Designed with developers and researchers in mind
In addition to being more capable, Gemma 2 is made to fit into your processes more smoothly:
- Open and accessible: Gemma 2 is offered under our commercially-friendly Gemma licence, allowing developers and academics to share and commercialise their inventions, much like the original Gemma models.
- Wide compatibility with frameworks: Because Gemma 2 is compatible with popular AI frameworks such as Hugging Face Transformers, JAX, PyTorch, and TensorFlow via native Keras 3.0, vLLM, Gemma.cpp, Llama.cpp, and Ollama, you can utilise it with ease with your preferred tools and processes. Moreover, Gemma is optimised using NVIDIA TensorRT-LLM to operate as an NVIDIA NIM inference microservice or on NVIDIA-accelerated infrastructure. NVIDIA NeMo optimisation will follow. Today, Hugging Face and Keras might help you fine-tune. More parameter-efficient fine-tuning options are something Google is constantly working on enabling.
- Easy deployment: Google Cloud users will be able to quickly and simply install and maintain Gemma 2 on Vertex AI as of next month.
Discover the new Gemma Cookbook, which is a compilation of useful examples and instructions to help you develop your own apps and adjust Gemma 2 models for certain uses. Learn how to utilise Gemma with your preferred tooling to do typical tasks such as retrieval-augmented generation.
Responsible AI development
Google’s Responsible Generative AI Toolkit is just one of the tools Google is dedicated to giving academics and developers so they may create and use AI responsibly. Recently, the LLM Comparator was made available to the public, providing developers and researchers with a thorough assessment of language models. As of right now, you may execute comparative assessments using your model and data using the associated Python library, and the app will display the results. Furthermore, Google is working hard to make our text watermarking technique for Gemma models, SynthID, open source.

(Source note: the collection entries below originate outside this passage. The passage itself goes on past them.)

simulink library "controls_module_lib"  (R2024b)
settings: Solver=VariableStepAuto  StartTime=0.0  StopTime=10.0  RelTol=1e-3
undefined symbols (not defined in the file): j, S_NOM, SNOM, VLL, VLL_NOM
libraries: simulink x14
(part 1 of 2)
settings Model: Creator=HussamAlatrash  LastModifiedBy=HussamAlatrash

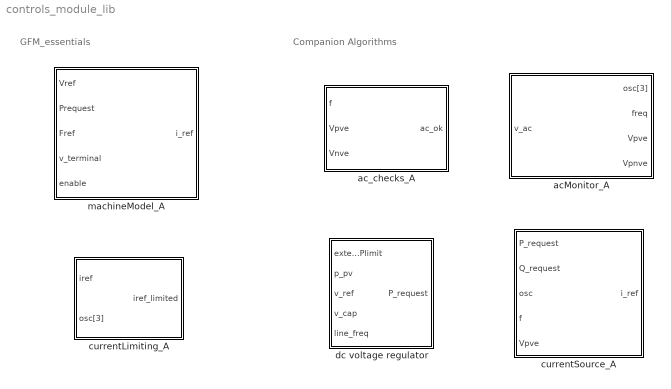
== system controls_module_lib ==
  note: Companion Algorithms
  note: GFM_essentials
  acMonitor_A : Subsystem  mask{VllRated=VLL, nominalFrequency=60}
      mask prompts: VllRated "Rated line-to-line voltage (V)"; nominalFrequency "Nominal line frequency (Hz)"
  ac_checks_A : Subsystem  mask{VllRated=1, nominalFrequency=60, tRequalify=5, T_CNTL=1e-3}
      mask prompts: VllRated "Rated line-to-line voltage (V)"; nominalFrequency "Nominal line frequency (Hz)"; tRequalify "Reconnection time (sec)"; T_CNTL "Operating sample time"
  currentLimiting_A : Subsystem  mask{IRated=SNOM/(sqrt(3)*VLL), RmsLimit=1.5, peakSoftLimit=2.6, peakHardLimit=3.5}
      mask prompts: IRated "Rated current (A)"; RmsLimit "Rms Current Limit (pu)"; peakSoftLimit "Soft peak limit (pu)"; peakHardLimit "Hard peak limit (pu)"
  currentSource_A : Subsystem  mask{VllRated=VLL_NOM, SRated=S_NOM, nominalFrequency=60, Plimit=1, Qlimit=0.5}
      mask prompts: VllRated "Rated line-to-line voltage (V)"; SRated "Rated power (VA)"; nominalFrequency "Nominal line frequency (Hz)"; Plimit "Real power request limit (pu)"; Qlimit "Reactive power request limit (pu)"
  dc voltage regulator : Subsystem  mask{kpFast=300, kpSlow=0.0, pRequestMax=1.2*S_NOM, pRequestMin=-1.2*S_NOM, pLimitExternalMinimum=0.05*SNOM}
      mask prompts: kpFast "Proportional gain - fast path (W/V)"; kpSlow "Proportional gain - filtered (slow) path (W/V)"; pRequestMax "Maximum power request (W)"; pRequestMin "Minimum power request (W)"; pLimitExternalMinimum "Minimum value for external power limit (W)"
  machineModel_A : Subsystem  mask{SRated=SNOM, VllRated=VLL, nominalFrequency=60, inertialConstant=2, kDroop=1, kDamper=2, Xs=0.2, rs=0.03}
      mask prompts: SRated "Rated power (VA)"; VllRated "Rated Voltage (Volts, line-to-line)"; nominalFrequency "Nominal frequency (Hz)"; inertialConstant "Inertial constant (seconds)"; kDroop "Droop gain (pu/Hz)"; kDamper "Damper gain (pu/Hz)"; Xs "Stator reactance (pu)"; rs "Stator resistance (pu)"

== system controls_module_lib/acMonitor_A ==
  v_ac : Inport
  Analyzer_V : Subsystem
  PLL_3ph : Subsystem
  to_pu : Gain  Gain=1/VllRated
  osc[3] : Outport
  freq : Outport  Port=2
  Vpve : Outport  Port=3
  Vpnve : Outport  Port=4
  wires:
  PLL_3ph/1(osc[3]) -> Analyzer_V/2(osc[3]), osc[3]/1
  PLL_3ph/2(freq) -> freq/1
  v_ac/1 -> Analyzer_V/1(in[3]), to_pu/1
  to_pu/1 -> PLL_3ph/1(ref)
  Analyzer_V/3(Pve) -> Vpve/1
  Analyzer_V/4(Nve) -> Vpnve/1

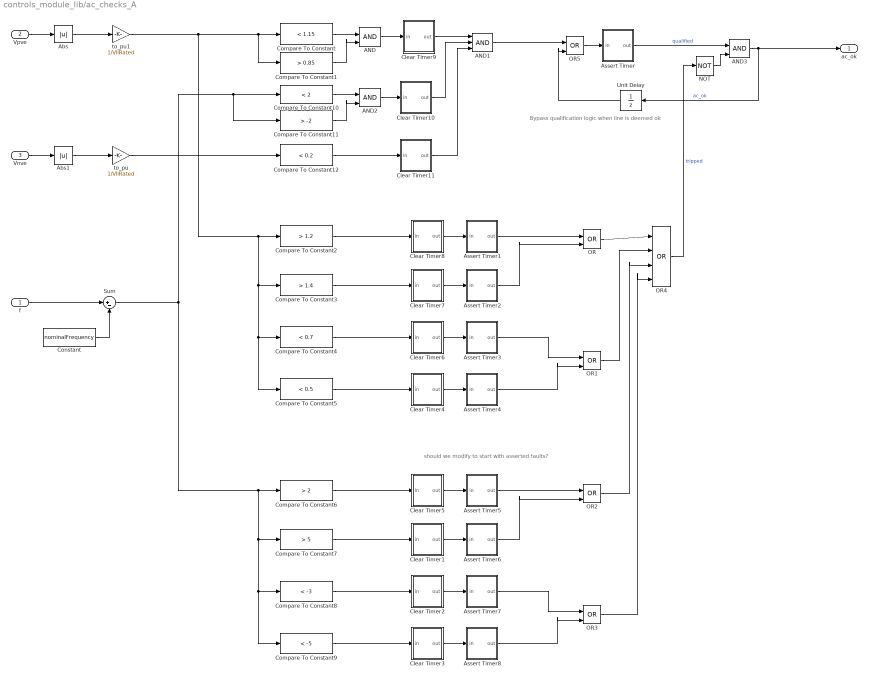
== system controls_module_lib/ac_checks_A ==
  note: should we modify to start with asserted faults?
  note: Bypass qualification logic when line is deemed ok
  f : Inport
  Vpve : Inport  Port=2
  Vnve : Inport  Port=3
  AND : Logic  IconShape=distinctive  AllPortsSameDT=off  OutDataTypeStr=boolean
  AND1 : Logic  Inputs=3  IconShape=distinctive  AllPortsSameDT=off  OutDataTypeStr=boolean
  AND2 : Logic  IconShape=distinctive  AllPortsSameDT=off  OutDataTypeStr=boolean
  AND3 : Logic  IconShape=distinctive  AllPortsSameDT=off  OutDataTypeStr=boolean
  Abs : Abs  SaturateOnIntegerOverflow=off
  Abs1 : Abs  SaturateOnIntegerOverflow=off
  Assert Timer : Subsystem  mask{T_STEP=T_CNTL, TIMEOUT=tRequalify}
      mask prompts: T_STEP "Time step"
  Assert Timer1 : Subsystem  mask{T_STEP=T_CNTL, TIMEOUT=60}
      mask prompts: T_STEP "Time step"
  Assert Timer2 : Subsystem  mask{T_STEP=T_CNTL, TIMEOUT=10}
      mask prompts: T_STEP "Time step"
  Assert Timer3 : Subsystem  mask{T_STEP=T_CNTL, TIMEOUT=60}
      mask prompts: T_STEP "Time step"
  Assert Timer4 : Subsystem  mask{T_STEP=T_CNTL, TIMEOUT=10}
      mask prompts: T_STEP "Time step"
  Assert Timer5 : Subsystem  mask{T_STEP=T_CNTL, TIMEOUT=60}
      mask prompts: T_STEP "Time step"
  Assert Timer6 : Subsystem  mask{T_STEP=T_CNTL, TIMEOUT=10}
      mask prompts: T_STEP "Time step"
  Assert Timer7 : Subsystem  mask{T_STEP=T_CNTL, TIMEOUT=60}
      mask prompts: T_STEP "Time step"
  Assert Timer8 : Subsystem  mask{T_STEP=T_CNTL, TIMEOUT=10}
      mask prompts: T_STEP "Time step"
  Clear Timer1 : Subsystem  mask{T_STEP=T_CNTL, TIMEOUT=0.1, TIMER_INIT=0.1}
      mask prompts: T_STEP "Time step"; TIMER_INIT "Timer initial value"
  Clear Timer10 : Subsystem  mask{T_STEP=T_CNTL, TIMEOUT=0.1, TIMER_INIT=0}
      mask prompts: T_STEP "Time step"; TIMER_INIT "Timer initial value"
  Clear Timer11 : Subsystem  mask{T_STEP=T_CNTL, TIMEOUT=0.1, TIMER_INIT=0}
      mask prompts: T_STEP "Time step"; TIMER_INIT "Timer initial value"
  Clear Timer2 : Subsystem  mask{T_STEP=T_CNTL, TIMEOUT=0.1, TIMER_INIT=0.1}
      mask prompts: T_STEP "Time step"; TIMER_INIT "Timer initial value"
  Clear Timer3 : Subsystem  mask{T_STEP=T_CNTL, TIMEOUT=0.1, TIMER_INIT=0.1}
      mask prompts: T_STEP "Time step"; TIMER_INIT "Timer initial value"
  Clear Timer4 : Subsystem  mask{T_STEP=T_CNTL, TIMEOUT=0.1, TIMER_INIT=0}
      mask prompts: T_STEP "Time step"; TIMER_INIT "Timer initial value"
  Clear Timer5 : Subsystem  mask{T_STEP=T_CNTL, TIMEOUT=0.1, TIMER_INIT=0.1}
      mask prompts: T_STEP "Time step"; TIMER_INIT "Timer initial value"
  Clear Timer6 : Subsystem  mask{T_STEP=T_CNTL, TIMEOUT=0.1, TIMER_INIT=0}
      mask prompts: T_STEP "Time step"; TIMER_INIT "Timer initial value"
  Clear Timer7 : Subsystem  mask{T_STEP=T_CNTL, TIMEOUT=0.1, TIMER_INIT=0}
      mask prompts: T_STEP "Time step"; TIMER_INIT "Timer initial value"
  Clear Timer8 : Subsystem  mask{T_STEP=T_CNTL, TIMEOUT=0.1, TIMER_INIT=0}
      mask prompts: T_STEP "Time step"; TIMER_INIT "Timer initial value"
  Clear Timer9 : Subsystem  mask{T_STEP=T_CNTL, TIMEOUT=0.1, TIMER_INIT=0}
      mask prompts: T_STEP "Time step"; TIMER_INIT "Timer initial value"
  Compare To Constant : simulink/Logic and Bit Operations/Compare To Constant  relop=<  const=1.15  OutDataTypeStr=boolean
  Compare To Constant1 : simulink/Logic and Bit Operations/Compare To Constant  relop=>  const=0.85  OutDataTypeStr=boolean
  Compare To Constant10 : simulink/Logic and Bit Operations/Compare To Constant  relop=<  const=2  OutDataTypeStr=boolean
  Compare To Constant11 : simulink/Logic and Bit Operations/Compare To Constant  relop=>  const=-2  OutDataTypeStr=boolean
  Compare To Constant12 : simulink/Logic and Bit Operations/Compare To Constant  relop=<  const=0.2  OutDataTypeStr=boolean
  Compare To Constant2 : simulink/Logic and Bit Operations/Compare To Constant  relop=>  const=1.2  OutDataTypeStr=boolean
  Compare To Constant3 : simulink/Logic and Bit Operations/Compare To Constant  relop=>  const=1.4  OutDataTypeStr=boolean
  Compare To Constant4 : simulink/Logic and Bit Operations/Compare To Constant  relop=<  const=0.7  OutDataTypeStr=boolean
  Compare To Constant5 : simulink/Logic and Bit Operations/Compare To Constant  relop=<  const=0.5  OutDataTypeStr=boolean
  Compare To Constant6 : simulink/Logic and Bit Operations/Compare To Constant  relop=>  const=2  OutDataTypeStr=boolean
  Compare To Constant7 : simulink/Logic and Bit Operations/Compare To Constant  relop=>  const=5  OutDataTypeStr=boolean
  Compare To Constant8 : simulink/Logic and Bit Operations/Compare To Constant  relop=<  const=-3  OutDataTypeStr=boolean
  Compare To Constant9 : simulink/Logic and Bit Operations/Compare To Constant  relop=<  const=-5  OutDataTypeStr=boolean
  Constant : Constant  Value=nominalFrequency
  NOT : Logic  Operator=NOT  IconShape=distinctive  AllPortsSameDT=off  OutDataTypeStr=boolean
  OR{,1..3,5} (5 alike) : Logic  Operator=OR  IconShape=distinctive  AllPortsSameDT=off  OutDataTypeStr=boolean
  OR4 : Logic  Operator=OR  Inputs=4  IconShape=distinctive  AllPortsSameDT=off  OutDataTypeStr=boolean
  Sum : Sum  Inputs=|+-
  Unit Delay : UnitDelay  SampleTime=T_CNTL  HasFrameUpgradeWarning=on
  to_pu : Gain  Gain=1/VllRated
  to_pu1 : Gain  Gain=1/VllRated
  ac_ok : Outport
  wires:
  OR2/1 -> OR4/3
  AND3/1 -> ac_ok/1, Unit Delay/1  "ac_ok"
  Clear Timer4/1(out) -> Assert Timer4/1(in)
  OR/1 -> OR4/1
  Clear Timer9/1(out) -> AND1/1
  Compare To Constant10/1 -> AND2/1
  Assert Timer2/1(out) -> OR/2
  OR4/1 -> NOT/1  "tripped"
  Sum/1 -> Compare To Constant6/1, Compare To Constant7/1, Compare To Constant8/1, Compare To Constant9/1, Compare To Constant10/1, Compare To Constant11/1
  Clear Timer7/1(out) -> Assert Timer2/1(in)
  Vpve/1 -> Abs/1
  Clear Timer3/1(out) -> Assert Timer8/1(in)
  Clear Timer10/1(out) -> AND1/2
  Compare To Constant7/1 -> Clear Timer1/1(in)
  Compare To Constant5/1 -> Clear Timer4/1(in)
  AND/1 -> Clear Timer9/1(in)
  Clear Timer2/1(out) -> Assert Timer7/1(in)
  OR1/1 -> OR4/2
  Compare To Constant8/1 -> Clear Timer2/1(in)
  AND1/1 -> OR5/1
  Clear Timer6/1(out) -> Assert Timer3/1(in)
  Assert Timer6/1(out) -> OR2/2
  Compare To Constant4/1 -> Clear Timer6/1(in)
  Compare To Constant11/1 -> AND2/2
  Compare To Constant9/1 -> Clear Timer3/1(in)
  AND2/1 -> Clear Timer10/1(in)
  Compare To Constant3/1 -> Clear Timer7/1(in)
  Compare To Constant/1 -> AND/1
  Assert Timer3/1(out) -> OR1/1
  NOT/1 -> AND3/2
  Vnve/1 -> Abs1/1
  Assert Timer8/1(out) -> OR3/2
  Assert Timer7/1(out) -> OR3/1
  Clear Timer8/1(out) -> Assert Timer1/1(in)
  Clear Timer1/1(out) -> Assert Timer6/1(in)
  Compare To Constant6/1 -> Clear Timer5/1(in)
  Clear Timer5/1(out) -> Assert Timer5/1(in)
  Assert Timer5/1(out) -> OR2/1
  Assert Timer4/1(out) -> OR1/2
  OR3/1 -> OR4/4
  Assert Timer/1(out) -> AND3/1  "qualified"
  Compare To Constant1/1 -> AND/2
  Compare To Constant2/1 -> Clear Timer8/1(in)
  OR5/1 -> Assert Timer/1(in)
  Clear Timer11/1(out) -> AND1/3
  Compare To Constant12/1 -> Clear Timer11/1(in)
  Assert Timer1/1(out) -> OR/1
  Unit Delay/1 -> OR5/2
  Abs/1 -> to_pu1/1
  Abs1/1 -> to_pu/1
  to_pu1/1 -> Compare To Constant1/1, Compare To Constant/1, Compare To Constant5/1, Compare To Constant4/1, Compare To Constant3/1, Compare To Constant2/1
  to_pu/1 -> Compare To Constant12/1
  f/1 -> Sum/1
  Constant/1 -> Sum/2

== system controls_module_lib/currentLimiting_A ==
  iref : Inport
  osc[3] : Inport  Port=2
  Analyzer_I : Subsystem
  Sum2 : Sum  Inputs=|+-
  excess_sink : Subsystem
  soft_saturation : Subsystem  mask{soft_limit=peakSoftLimit*IRated, hard_limit=peakHardLimit*IRated}
      mask prompts: soft_limit "Soft limit"; hard_limit "Hard limit"
  iref_limited : Outport
  wires:
  Sum2/1 -> soft_saturation/1(in)
  osc[3]/1 -> excess_sink/2(osc[3]), Analyzer_I/2(osc[3])
  iref/1 -> Sum2/1, Analyzer_I/1(in[3])
  excess_sink/1(i_excess[3]) -> Sum2/2
  Analyzer_I/1(fund[3]) -> excess_sink/1(I_total[3])  "I_total[3]"
  soft_saturation/1(out) -> iref_limited/1

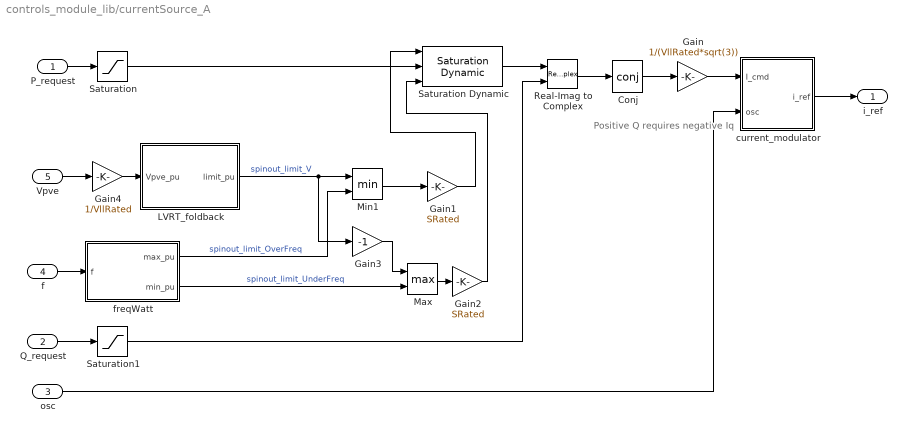
== system controls_module_lib/currentSource_A ==
  note: Positive Q requires negative Iq
  P_request : Inport
  Q_request : Inport  Port=2
  osc : Inport  Port=3
  f : Inport  Port=4
  Vpve : Inport  Port=5
  Conj : Math  Operator=conj
  Gain : Gain  Gain=1/(VllRated*sqrt(3))
  Gain1 : Gain  Gain=SRated
  Gain2 : Gain  Gain=SRated
  Gain3 : Gain  Gain=-1
  Gain4 : Gain  Gain=1/VllRated
  LVRT_foldback : Subsystem
  Max : MinMax  Function=max  Inputs=2
  Min1 : MinMax  Inputs=2
  Real-Imag to Complex : RealImagToComplex
  Saturation : Saturate  UpperLimit=Plimit*SRated  LowerLimit=-Plimit*SRated
  Saturation Dynamic : simulink/Discontinuities/Saturation Dynamic  OutMin=[]  OutMax=[]  OutDataTypeStr=Inherit: Same as second input  OutDataType=fixdt(1, 16)  OutScaling=2^-10  DoSatur=off
  Saturation1 : Saturate  UpperLimit=Qlimit*SRated  LowerLimit=-Qlimit*SRated
  current_modulator : Subsystem
  freqWatt : Subsystem
  i_ref : Outport
  wires:
  LVRT_foldback/1(limit_pu) -> Min1/1, Gain3/1  "spinout_limit_V"
  Vpve/1 -> Gain4/1
  Min1/1 -> Gain1/1
  f/1 -> freqWatt/1(f)
  freqWatt/1(max_pu) -> Min1/2  "spinout_limit_OverFreq"
  current_modulator/1(i_ref) -> i_ref/1
  Q_request/1 -> Saturation1/1
  P_request/1 -> Saturation/1
  osc/1 -> current_modulator/2(osc)
  Gain4/1 -> LVRT_foldback/1(Vpve_pu)
  Saturation Dynamic/1 -> Real-Imag to Complex/1
  Gain1/1 -> Saturation Dynamic/1
  Real-Imag to Complex/1 -> Conj/1
  Conj/1 -> Gain/1
  Gain/1 -> current_modulator/1(I_cmd)
  Saturation/1 -> Saturation Dynamic/2
  Saturation1/1 -> Real-Imag to Complex/2
  Max/1 -> Gain2/1
  freqWatt/2(min_pu) -> Max/2  "spinout_limit_UnderFreq"
  Gain2/1 -> Saturation Dynamic/3
  Gain3/1 -> Max/1

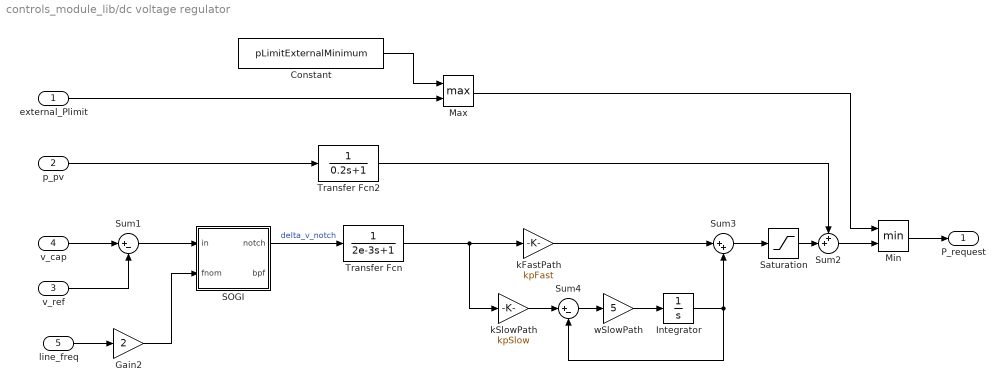
== system controls_module_lib/dc voltage regulator ==
  external_Plimit : Inport
  p_pv : Inport  Port=2
  v_ref : Inport  Port=3
  v_cap : Inport  Port=4
  line_freq : Inport  Port=5
  Constant : Constant  Value=pLimitExternalMinimum
  Gain2 : Gain  Gain=2
  Integrator : Integrator  LimitOutput=on  UpperSaturationLimit=0.4  LowerSaturationLimit=-0.1
  Max : MinMax  Function=max  Inputs=2
  Min : MinMax  Inputs=2
  SOGI : Subsystem
  Saturation : Saturate  UpperLimit=pRequestMax  LowerLimit=pRequestMin
  Sum1 : Sum  Inputs=|+-
  Sum2 : Sum  Inputs=++|
  Sum3 : Sum  Inputs=|++
  Sum4 : Sum  Inputs=|+-
  Transfer Fcn : TransferFcn  Denominator=[2e-3 1]
  Transfer Fcn2 : TransferFcn  Denominator=[0.2 1]
  kFastPath : Gain  Gain=kpFast
  kSlowPath : Gain  Gain=kpSlow
  wSlowPath : Gain  Gain=5
  P_request : Outport
  wires:
  Constant/1 -> Max/1
  external_Plimit/1 -> Max/2
  Max/1 -> Min/1
  Min/1 -> P_request/1
  v_ref/1 -> Sum1/2
  Sum2/1 -> Min/2
  Gain2/1 -> SOGI/2(fnom)
  SOGI/1(notch) -> Transfer Fcn/1  "delta_v_notch"
  v_cap/1 -> Sum1/1
  p_pv/1 -> Transfer Fcn2/1
  Transfer Fcn/1 -> kSlowPath/1, kFastPath/1
  kFastPath/1 -> Sum3/1
  Sum3/1 -> Saturation/1
  kSlowPath/1 -> Sum4/1
  Transfer Fcn2/1 -> Sum2/1
  line_freq/1 -> Gain2/1
  Integrator/1 -> Sum4/2, Sum3/2
  Saturation/1 -> Sum2/2
  wSlowPath/1 -> Integrator/1
  Sum4/1 -> wSlowPath/1
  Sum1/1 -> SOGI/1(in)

In order to detect and reduce any biases and hazards, Google is trained Gemma 2 using their strict internal safety procedures, which include screening pre-training data, conducting thorough testing, and evaluating the results against a wide range of metrics. Google release their findings on a wide range of publicly available standards concerning representational hazards and safety.
Tasks completed with Gemma
Innumerable inspirational ideas and over 10 million downloads resulted from their initial Gemma launch. For example, Navarasa employed Gemma to develop a model based on the linguistic diversity of India.
With Gemma 2, developers may now launch even more ambitious projects and unleash the full potential and performance of their AI creations. Google will persist in investigating novel architectures and crafting customised Gemma versions to address an expanded array of AI assignments and difficulties. This includes the 2.6B parameter Gemma 2 model that will be released soon, which is intended to close the gap even further between powerful performance and lightweight accessibility. The technical report contains additional information about this impending release.
Beginning
You may now test out Gemma 2’s full performance capabilities at 27B without any hardware requirements by accessing it through Google AI Studio. The model weights for Gemma 2 can also be downloaded from Hugging Face Models and Kaggle, and Vertex AI Model Garden will be available soon.
In order to facilitate research and development, Gemma 2 can also be obtained for free via Kaggle or a complimentary tier for Colab notebooks. New users of Google Cloud can be qualified for $300 in credit. To expedite their research with Gemma 2, academic researchers can register for the Gemma 2 Academic Research Programme and obtain Google Cloud credits. The deadline for applications is August 9th.